### DATASET ENTRIES

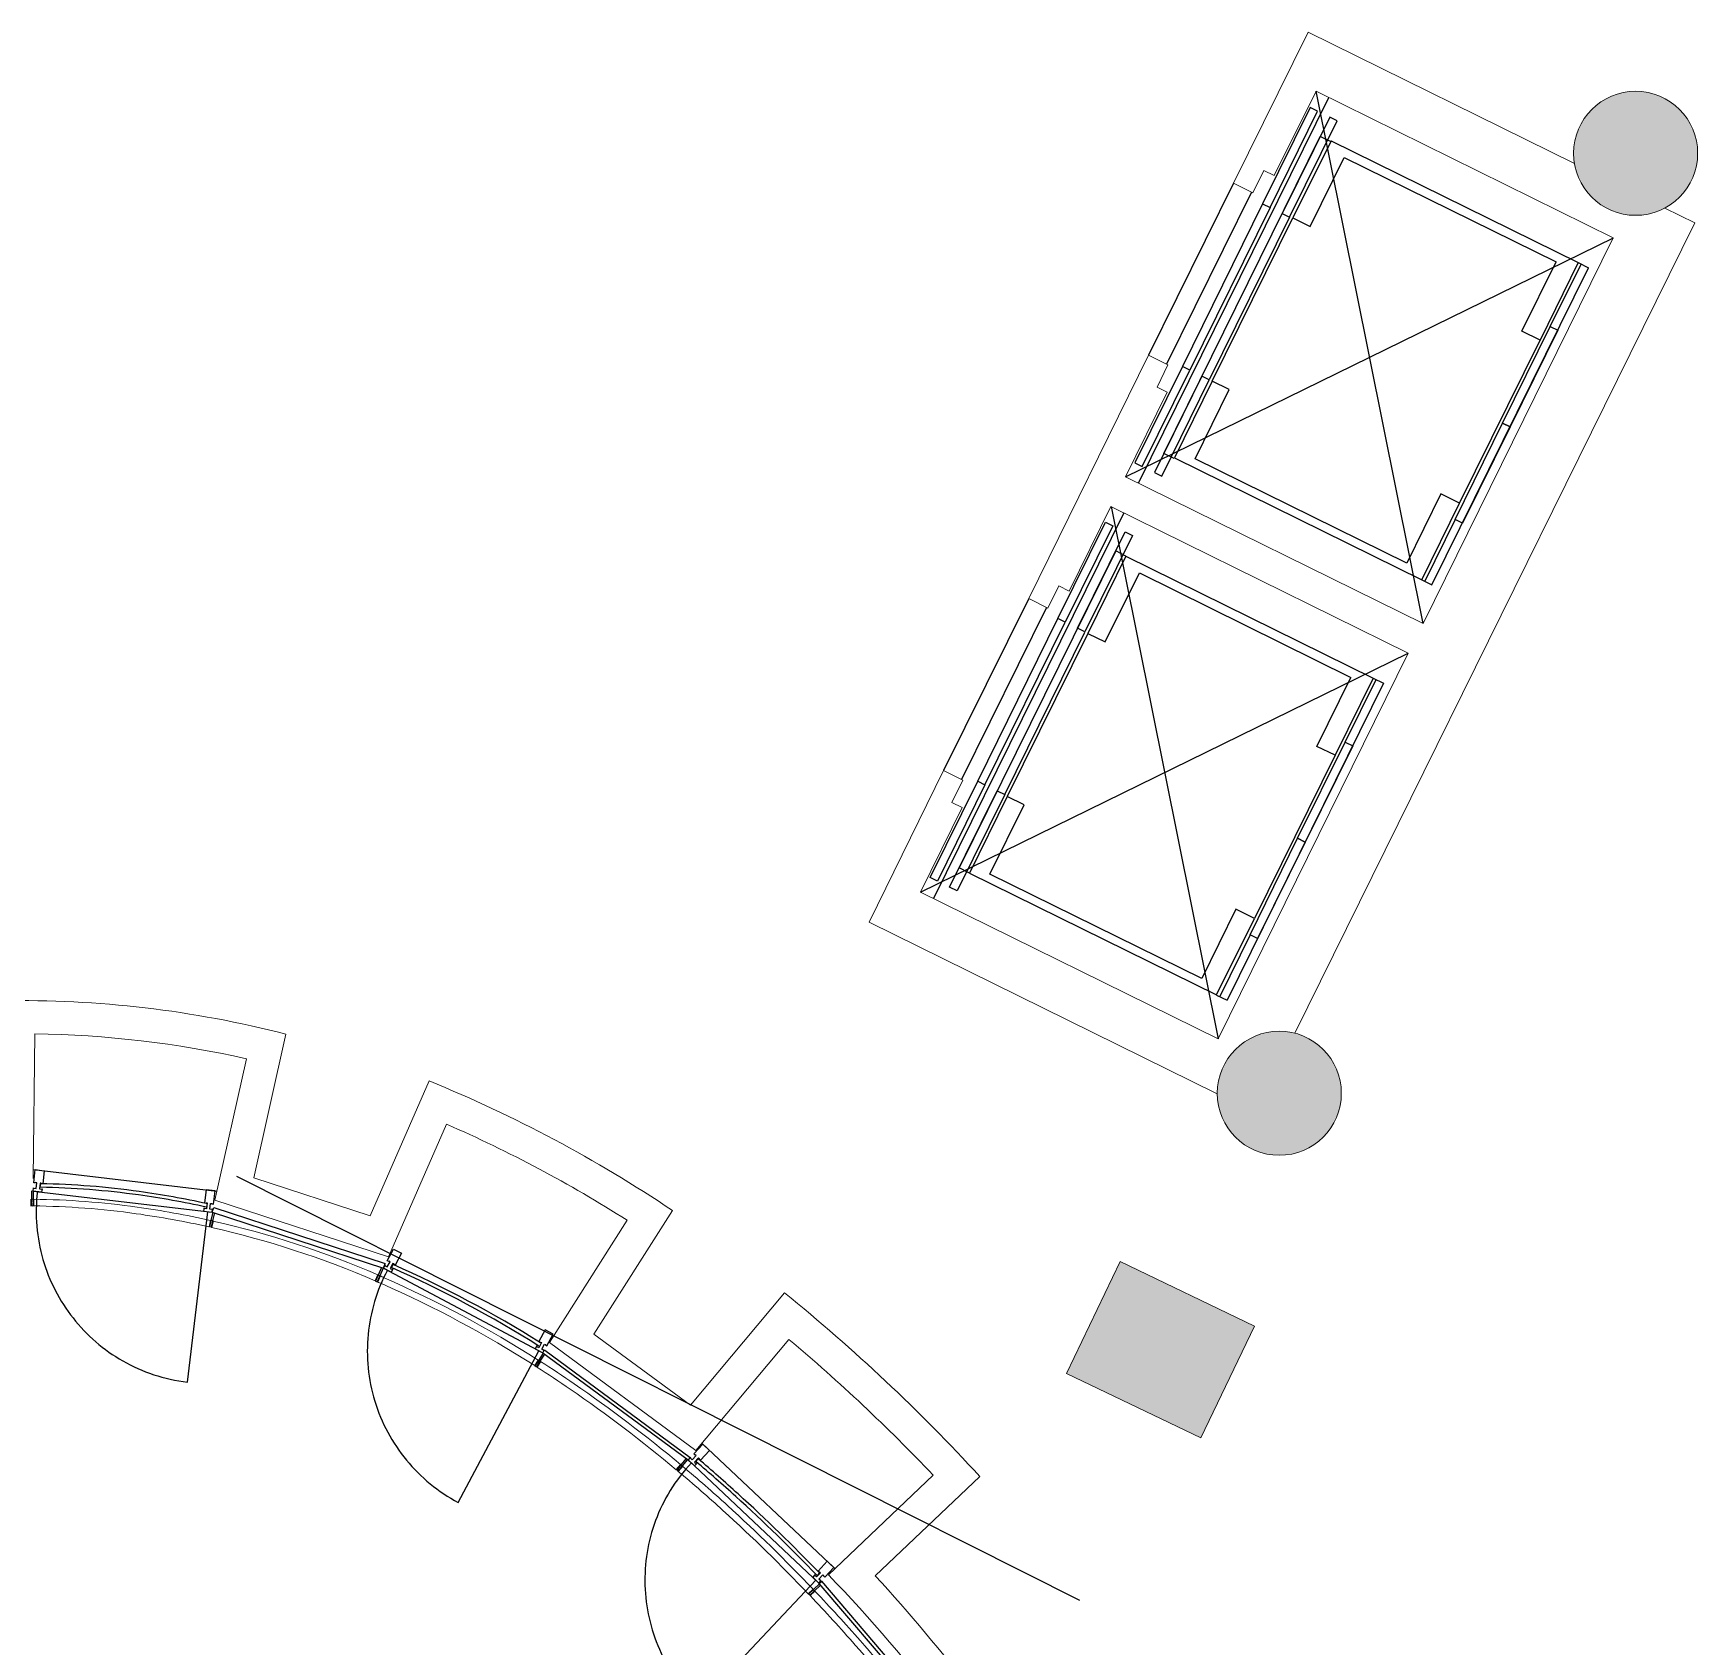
# Model space of a CAD drawing. Header units: centimetres. Extents: x 139057 to 200038, y 34824 to 80516.
# Drawn here: x 174888 to 175895, y 50152 to 51127 of the extents above; entities that cross this region are included whole.
import ezdxf

# ---------------------------------------------------------------- set-up
doc = ezdxf.new("R2010")
doc.units = ezdxf.units.CM
doc.header["$LTSCALE"] = 100
doc.linetypes.add('FLPL-C-P1$0$HIDDEN2', pattern=[4.7625, 3.175, -1.5875])
for name, color, linetype, lineweight in [('410_STRUTTURE_001-AM_0', 7, 'Continuous', 0), ('430_TAVOLATI_001-AM_0', 3, 'Continuous', 0), ('441_SERRAMENTI_001-AM_0', 1, 'Continuous', 0), ('448_RAMPE_SCALE_ASCENS_001-AM_0', 216, 'Continuous', 0)]:
    doc.layers.add(name, color=color, linetype=linetype, lineweight=lineweight)
for name, color, linetype in [('A-FACCIATA', 8, 'Continuous'), ('A-FACCIATA MONTANTI', 13, 'Continuous'), ('A-FACCIATTA STONE', 13, 'Continuous'), ('A-FACCIATTE VISTE', 8, 'Continuous'), ('A-GRAFICA', 253, 'Continuous'), ('A-MCLS4-12', 61, 'Continuous'), ('A-SI', 50, 'Continuous'), ('A-Strutt a vista', 1, 'Continuous'), ('FLPL-C-P1$0$A-DOOR-SWING', 7, 'FLPL-C-P1$0$HIDDEN2'), ('FLPL-C-P1$0$A-GLAZ-MULL', 1, 'Continuous'), ('FLPL-C-P1$0$A-STRS-RAIL', 7, 'Continuous'), ('M-ASC', 5, 'Continuous')]:
    doc.layers.add(name, color=color, linetype=linetype)

# ---------------------------------------------------------------- blocks, each defined once
blk = doc.blocks.new('FLPL-C-P1$0$MULL130 OTLN')
at = {"layer": 'FLPL-C-P1$0$A-GLAZ-MULL', "elevation": 0}
blk.add_lwpolyline([(10, 113), (25, 113), (25, 110), (26, 110), (26, 130), (-26, 130), (-26, 110), (-25, 110), (-25, 113), (-10, 113), (-10, 78), (-17, 78), (-17, 80), (-28, 80), (-28, 0), (27, 0), (27, 80), (17, 80), (17, 78), (10, 78), (10, 113)], dxfattribs=at)
blk = doc.blocks.new('FLPL-C-P1$0$HANDRAIL-BUILDING C-MID 02')
at = {"layer": 'FLPL-C-P1$0$A-STRS-RAIL'}
for p, q in [((2, 5), (48, -16)), ((-2, -5), (44, -25)), ((43, -28), (79, -44)), ((44, -25), (48, -16)), ((44, -25), (81, -41)), ((47, -26), (46, -29)), ((48, -16), (85, -32)), ((49, -13), (86, -30)), ((52, -14), (51, -17)), ((78, -40), (77, -43)), ((81, -41), (85, -32)), ((83, -28), (82, -31))]:
    blk.add_line(p, q, dxfattribs=at)

msp = doc.modelspace()

# ---------------------------------------------------------------- hatches: boundary and pattern name
at = {"layer": '410_STRUTTURE_001-AM_0'}
for points in [[(175894.5, 51054.9, 1), (175819.5, 51054.9, 1)], [(175679.1, 50486.7, 1), (175604.1, 50486.7, 1)], [(175626.6, 50345.9), (175545.5, 50384.9), (175513, 50317.3), (175594.1, 50278.3)]]:
    msp.add_hatch(color=256, dxfattribs=at).paths.add_polyline_path(points)

# ---------------------------------------------------------------- linework, layer by layer
at = {"layer": '410_STRUTTURE_001-AM_0', "elevation": 0}
for points in [[(175604.1, 50486.3), (175393.6, 50590.2), (175438.7, 50681.7), (175450.4, 50675.9), (175443.7, 50662.5), (175450, 50659.4), (175424.8, 50608.3), (175604.6, 50519.5), (175719.6, 50752.7), (175539.8, 50841.4), (175514.6, 50790.3), (175508.3, 50793.4), (175501.7, 50780), (175490.1, 50785.7), (175562.6, 50932.8), (175574.3, 50927), (175567.7, 50913.6), (175573.9, 50910.5), (175548.7, 50859.4), (175728.5, 50770.6), (175843.5, 51003.8), (175663.8, 51092.5), (175638.5, 51041.4), (175632.3, 51044.5), (175625.6, 51031), (175614, 51036.8), (175659.1, 51128.2), (175820, 51048.8, 0.202087)], [(175874.7, 51021.8), (175892.7, 51012.9), (175650.9, 50523.1, 0.493539)]]:
    msp.add_lwpolyline(points, format="xyb", dxfattribs=at)
msp.add_lwpolyline([(175594.1, 50278.3), (175626.6, 50345.9), (175545.5, 50384.9), (175513, 50317.3)], close=True, dxfattribs=at)
at = {"layer": '410_STRUTTURE_001-AM_0'}
for centre in [(175857, 51054.9, 0), (175641.6, 50486.7, 0)]:
    msp.add_circle(centre, 37.5, dxfattribs=at)
at = {"layer": '430_TAVOLATI_001-AM_0'}
for p, q in [((175021.7, 50435.5, 0), (175041.1, 50522.4, 0)), ((174998.2, 50422.1, 0), (175017.3, 50507.5, 0)), ((175092.1, 50412.5, 0), (175127.8, 50494.1, 0)), ((175021.7, 50435.5, 0), (175092.1, 50412.5, 0)), ((174998.2, 50422.1, 0), (175103.2, 50387.8, 0)), ((175200.4, 50336, 0), (175247.4, 50409.9, 0)), ((175227.3, 50341.1, 0), (175274.8, 50415.8, 0)), ((175285.7, 50298.1, 0), (175342.6, 50366, 0)), ((175227.3, 50341.1, 0), (175285.7, 50298.1, 0)), ((175289, 50270.8, 0), (175345.2, 50337.9, 0)), ((175200.4, 50336, 0), (175289, 50270.8, 0)), ((175432.3, 50255.9, 0), (175369, 50195.6, 0)), ((175460.5, 50255.1, 0), (175397.4, 50195, 0))]:
    msp.add_line(p, q, dxfattribs=at)
at = {"layer": '430_TAVOLATI_001-AM_0', "elevation": 0}
for points in [[(175041.1, 50522.4, 0.067948), (174869.5, 50542.6, 0.058305)], [(175017.3, 50507.5, 0.052222), (174889.3, 50522.6)], [(175274.8, 50415.8, 0.051153), (175127.8, 50494.1, 0.043607)], [(175247.4, 50409.9, 0.038882), (175138.2, 50468)], [(175342.6, 50366, -0.036628), (175460.5, 50255.1, -0.031024)], [(175345.2, 50337.9, -0.027568), (175432.3, 50255.9, -0.027568)], [(175369, 50195.6, -0.056575), (175502.5, 50021.5, -2.004603)], [(175397.4, 50195, -0.044849), (175509.1, 50048.8)]]:
    msp.add_lwpolyline(points, format="xyb", dxfattribs=at)
for points in [[(174888.4, 50435.1), (174889.3, 50522.6)], [(175103.2, 50387.8), (175138.2, 50468)]]:
    msp.add_lwpolyline(points, dxfattribs=at)
at = {"layer": '441_SERRAMENTI_001-AM_0', "elevation": 0}
for points in [[(174994.6, 50405.9, 0.020057), (174950.6, 50413.9, 0.031956), (174888.5, 50418.6, 0.031956)], [(174995.5, 50409.8, 0.020057), (174951.1, 50417.9, 0.031958), (174888.6, 50422.6, 0.031958)], [(174997, 50409.4, -0.046679), (175096.7, 50376.9, -0.046679)], [(174996.2, 50405.5, -0.046668), (175095.1, 50373.3)], [(175096.5, 50372.6, -0.001146), (175098.9, 50371.6, -0.037997), (175191.5, 50322.1)], [(175098.1, 50376.3, -0.001145), (175100.5, 50375.2, -0.038004), (175193.6, 50325.4, -0.038004)], [(175192.8, 50321.2, -0.008754), (175213, 50307.8, -0.023151), (175277.1, 50259.1)], [(175195, 50324.6, -0.008749), (175215.3, 50311.1, -0.023151), (175279.7, 50262.2, -0.023151)], [(175278.3, 50258.1, -0.010301), (175305.3, 50234.5, -0.018308), (175356.9, 50184.1)], [(175280.9, 50261.2, -0.010301), (175308, 50237.5, -0.018306), (175359.8, 50186.9, -0.018306)], [(175360.9, 50185.7, -0.010253), (175388.3, 50155.8, -0.016498), (175429.8, 50105.1, -0.016498)], [(175358, 50183, -0.010253), (175385.3, 50153.1, -0.016498), (175426.6, 50102.6, -0.016498)]]:
    msp.add_lwpolyline(points, format="xyb", dxfattribs=at)
at = {"layer": '448_RAMPE_SCALE_ASCENS_001-AM_0', "elevation": 0}
msp.add_lwpolyline([(175672.9, 51062.5), (175822.2, 50988.8), (175799.2, 50942), (175788.2, 50947.4), (175808.9, 50989.2)], dxfattribs=at)
at = {"layer": 'A-FACCIATA'}
for p, q in [((174892.6, 50429.9, 0), (174892.9, 50432, 0)), ((175104.9, 50381.4, 0), (175105.9, 50383.2, 0)), ((175289, 50264, 0), (175290.4, 50265.6, 0)), ((175289, 50264, 0), (175290.4, 50265.6, 0)), ((175363.6, 50196.7, 0), (175362.2, 50195.2, 0)), ((175363.6, 50196.7, 0), (175362.2, 50195.2, 0))]:
    msp.add_line(p, q, dxfattribs=at)
at = {"layer": 'A-FACCIATA', "elevation": 0}
for points in [[(174992.9, 50417.9, 0.018198), (174952.1, 50425.2, 0.029952), (174892.6, 50429.9, 0.029952)], [(174993.2, 50420, 0.018111), (174952.4, 50427.3, 0.029848), (174892.9, 50432, 0.029848)], [(175194.1, 50333.9, 0.035945), (175104.9, 50381.4, 0.035945)], [(175194.1, 50333.9, 0.035945), (175104.9, 50381.4, 0.035945)], [(175195.1, 50335.8, 0.035838), (175105.9, 50383.2, 0.035838)], [(175362.2, 50195.2, 0.017213), (175313, 50243, 0.009061), (175289, 50264, 0.009061)], [(175362.2, 50195.2, 0.017213), (175313, 50243, 0.009061), (175289, 50264, 0.009061)], [(175363.6, 50196.7, 0.017183), (175314.4, 50244.5, 0.009026), (175290.4, 50265.6, 0.009026)], [(175363.6, 50196.7, 0.017183), (175314.4, 50244.5, 0.009026), (175290.4, 50265.6, 0.009026)]]:
    msp.add_lwpolyline(points, format="xyb", dxfattribs=at)
at = {"layer": 'A-FACCIATTA STONE'}
for p, q in [((174996.6, 50414.8, 0), (174997.5, 50417.6, 0)), ((174997.5, 50417.6, 0), (175101.1, 50383.8, 0)), ((174996.6, 50414.8, 0), (175100.2, 50380.9, 0)), ((175100.2, 50380.9, 0), (175101.1, 50383.8, 0)), ((175196.4, 50329.7, 0), (175284.2, 50265.1, 0)), ((175197.6, 50331.3, 0), (175285.5, 50266.6, 0)), ((175363.5, 50190.4, 0), (175365, 50191.8, 0)), ((175434.3, 50107.5, 0), (175363.5, 50190.4, 0)), ((175435.9, 50108.8, 0), (175365, 50191.8, 0)), ((175435.9, 50108.8, 0), (175365, 50191.8, 0))]:
    msp.add_line(p, q, dxfattribs=at)
at = {"layer": 'A-FACCIATTE VISTE'}
for p, q in [((174888.5, 50440.7, 0), (174999.4, 50427.5, 0)), ((174888.3, 50427.6, 0), (174996.6, 50414.8, 0)), ((175100.2, 50380.9, 0), (175196.4, 50329.7, 0)), ((175100.2, 50380.9, 0), (175196.4, 50329.7, 0)), ((175292.5, 50275.1, 0), (175373, 50199.4, 0)), ((175284.2, 50265.1, 0), (175363.5, 50190.4, 0))]:
    msp.add_line(p, q, dxfattribs=at)
at = {"layer": 'A-GRAFICA'}
for p, q in [((175728.5, 50770.6, 0), (175663.8, 51092.5, 0)), ((175548.7, 50859.4, 0), (175843.6, 51003.8, 0)), ((175539.9, 50841.4, 0), (175604.6, 50519.5, 0)), ((175424.8, 50608.3, 0), (175719.6, 50752.7, 0))]:
    msp.add_line(p, q, dxfattribs=at)
at = {"layer": 'A-MCLS4-12'}
for p, q in [((175614, 51036.8, 0), (175562.6, 50932.8, 0)), ((175624.7, 51031.5, 0), (175573.4, 50927.5, 0)), ((175490.1, 50785.7, 0), (175438.7, 50681.7, 0)), ((175500.8, 50780.4, 0), (175449.5, 50676.4, 0))]:
    msp.add_line(p, q, dxfattribs=at)
at = {"layer": 'A-Strutt a vista'}
msp.add_line((175011.3, 50436.6, 0), (175520.8, 50180.2, 0), dxfattribs=at)
at = {"layer": 'FLPL-C-P1$0$A-DOOR-SWING', "elevation": 0}
for points in [[(174890.9, 50427.3, 0.414213), (174981.7, 50312), (174994, 50415.1)], [(175102.5, 50379.7, 0.414214), (175145.3, 50239.3), (175194.1, 50330.9)], [(175286.2, 50263.2, 0.414011), (175290.6, 50117.1), (175361.4, 50192.4)]]:
    msp.add_lwpolyline(points, format="xyb", dxfattribs=at)
at = {"layer": 'M-ASC'}
for p, q in [((175556.5, 50855.5, 0), (175671.6, 51088.7, 0)), ((175571.8, 50873.5, 0), (175666.3, 51065.1, 0)), ((175672.6, 51062, 0), (175666.3, 51065.1, 0)), ((175631.5, 51024.3, 0), (175583, 50926.1, 0)), ((175636, 51022.1, 0), (175587.5, 50923.9, 0)), ((175647.8, 51016.3, 0), (175599.3, 50918, 0)), ((175601.1, 50917.1, 0), (175649.8, 51015.8, 0)), ((175733.9, 50794, 0), (175828.5, 50985.7, 0)), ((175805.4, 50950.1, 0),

######

▶ **YOUR OBJECTIVE**:
Skip the pictures, please, and transcribe only the lines from the beginning of the material through the one that contains "pattern=[4.7625, 3.175, -1.5875])".

▶ **OUTPUT**:
# Model space of a CAD drawing. Header units: centimetres. Extents: x 139057 to 200038, y 34824 to 80516.
# Drawn here: x 174888 to 175895, y 50152 to 51127 of the extents above; entities that cross this region are included whole.
import ezdxf

# ---------------------------------------------------------------- set-up
doc = ezdxf.new("R2010")
doc.units = ezdxf.units.CM
doc.header["$LTSCALE"] = 100
doc.linetypes.add('FLPL-C-P1$0$HIDDEN2', pattern=[4.7625, 3.175, -1.5875])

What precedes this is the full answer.